Cette donnée sur le valet de comédie ne peut être qu’indiquée ici ; nous laissons à d’autres le soin de la vérifier comme nous l’avons vérifiée nous-même. Ce qui est certain, c’est que Beaumarchais a été assez heureux pour pouvoir rattacher un personnage de théâtre à une des crises les plus importantes de l’histoire humaine. Le souvenir de Figaro est intimement lié à celui de la révolution française, et il n’en faut pas davantage pour éterniser un nom.


II. — BEAUMARCHAIS À SAINT-LAZARE. — QUERELLE AVEC MIRABEAU.

Le Mariage de Figaro avait eu soixante-huit représentations presque consécutives avec un succès jusqu’alors inouï. Le chiffre de recette de la première représentation est de 6,511 livres ; celui de la soixante-huitième est de 5,483 livres.

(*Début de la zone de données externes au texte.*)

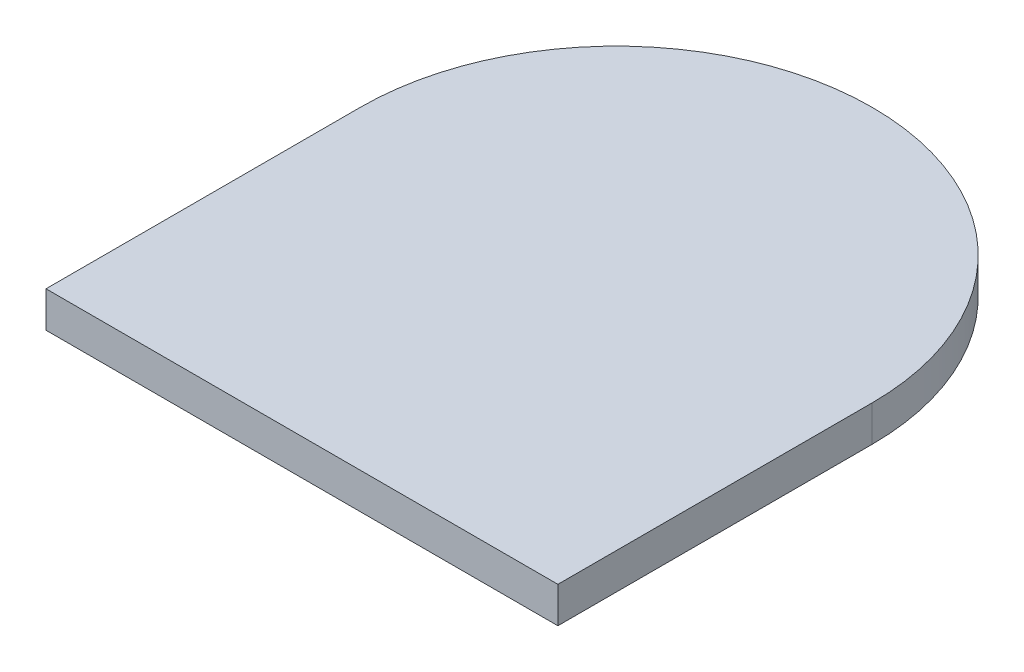
from build123d import *

# Parameters (mm, degrees)
EXTRUDE_1_DEPTH = 4


with BuildPart() as part:
    # 草图1 → 凸台-拉伸1 (new body)
    with BuildSketch(Plane(origin=(0, 0, 0), x_dir=(1, 0, 0), z_dir=(0, 1, 0))):
        with BuildLine():
            Line((-28.5, 0), (-28.5, -35))
            Line((-28.5, -35), (28.5, -35))
            Line((28.5, -35), (28.5, 0))
            ThreePointArc((28.5, 0), (0, 28.5), (-28.5, 0))
        make_face()
    extrude(amount=EXTRUDE_1_DEPTH)


solid = part.part

En huit mois, du 27 avril 1784 au 10 janvier 1785, cette pièce avait produit à la Comédie-Française (sans y comprendre la cinquantième représentation donnée au profit des pauvres sur la proposition de Beaumarchais) une recette brute de 346,197 livres, sur lesquelles, tous frais déduits, il restait aux comédiens en bénéfice net 293,755 livres, sauf la part d’auteur de Beaumarchais, évaluée à 41,499 livres. On voit que si le Mariage de Figaro pouvait être discuté comme œuvre d’art, il offrait comme élément de recette une valeur indiscutable. À la vérité, la pièce était montée avec un soin extrême et jouée avec une rare perfection.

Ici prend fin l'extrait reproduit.